Two- and three-parameter spending functions provide an alternate way for customizing spending at two points in time. The curves are smoother than piecewise-linear, but can only fit spending values at two points with the partial exception of the 3-parameter \(t\)-distribution spending function. The interface looks a little different, but is used largely like the piecewise-linear interface as seen in the next column in that we input relative timing and relative spending for both \(\alpha\)- and \(\beta\)-spending. We have used the same values here are for the piecewise-linear spending functions in the previous section. The \(\beta\)-spending function in this case is the 2-parameter Cauchy spending function, while the \(\alpha\)-spending function is the 3-parameter \(t\)-distribution spending function, in this case with 1.5 degrees of freedom. The rationale for these functions is to provide additional smooth curve options for spending functions beyond the shapes provided by one-parameter spending functions. The smoothing may be preferred when adjusting timing of analyses as in the references chapter.

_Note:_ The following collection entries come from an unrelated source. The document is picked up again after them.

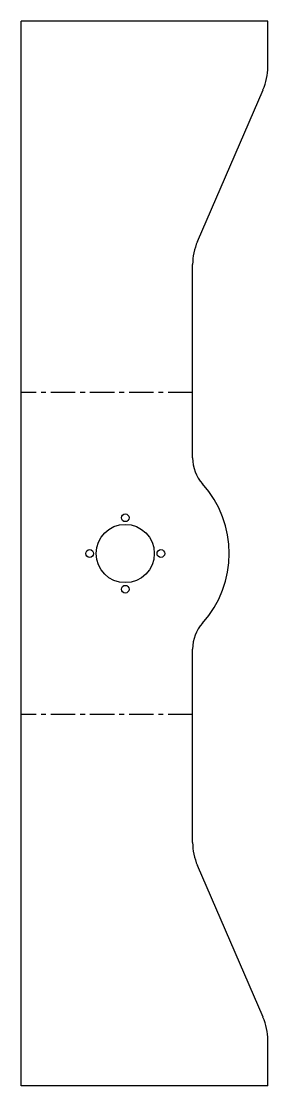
# Model space of a CAD drawing. Header units: millimetres. Extents: x 0 to 128, y -325 to 226.
import ezdxf

# ---------------------------------------------------------------- set-up
doc = ezdxf.new("R2010")
doc.units = ezdxf.units.MM
doc.linetypes.add('CENTERX2', pattern=[20.32, 12.7, -2.54, 2.54, -2.54])

msp = doc.modelspace()

# ---------------------------------------------------------------- linework, layer by layer
at = {"color": 7, "linetype": 'Continuous', "lineweight": 25}
for p, q in [((128, 225.93), (0, 225.93)), ((0, -325.49), (0, 225.93)), ((128, 202.37), (128, 225.93)), ((91.47, 111.86), (125.53, 190.44)), ((89, -0.27), (89, 99.93)), ((89, -199.48), (89, -99.28)), ((125.53, -289.99), (91.47, -211.41)), ((128, -325.49), (128, -301.92)), ((128, -325.49), (0, -325.49))]:
    msp.add_line(p, q, dxfattribs=at)
at = {"color": 7, "linetype": 'CENTERX2'}
for p, q in [((89, 33.61), (0, 33.61)), ((89, -133.16), (0, -133.16))]:
    msp.add_line(p, q, dxfattribs=at)
at = {"color": 7, "linetype": 'Continuous', "lineweight": 25}
for centre, radius in [((54, -31.28), 2), ((54, -49.78), 15.1), ((35.5, -49.78), 2), ((72.5, -49.78), 2), ((54, -68.28), 2)]:
    msp.add_circle(centre, radius, dxfattribs=at)
for centre, radius, start, end in [((98, 202.37), 30, 336.5713, 0), ((119, 99.93), 30, 156.5713, 180), ((109, -0.27), 20, 180, 221.9916), ((54, -49.78), 54, 318.0084, 41.9916), ((109, -99.28), 20, 138.0084, 180), ((119, -199.48), 30, 180, 203.4287), ((98, -301.92), 30, 360, 23.4287)]:
    msp.add_arc(centre, radius, start, end, dxfattribs=at)

doc.saveas('drawing.dxf')

The plot for these two spending functions is shown below. The Cauchy was chosen for the \(\beta\)-spending function since it was smoother than the other 2-parameter options shown in the next column. Note that the \(\alpha\)-spending function implies that any analysis after about 90% of the planned information uses essentially all Type I error that has not previously been spent. Try the different 2-parameter functions for each spending function as well as the 3-parameter \(t\)-distribution using different values for degrees of freedom. All of these functions run through the same values at 0.35 and 0.7 as specified on the previous page. Also try different values for relative spending to see how the spending function curve shapes change.

These spending functions are all of the form

\[f(t) = F(b \times (F^{-1} (t) - a)))\]

where \(a\) is any real number and \(b > 0\) and \(F(t)\) is a cumulative distribution function defined for all real values. Thus, the name of each of these spending function families corresponds to the distribution function \(F(t)\) that is used in the above formula. It is straightforward but beyond the scope of the presentation here to show how to fit these functions through two specified points; see Anderson and Clark27.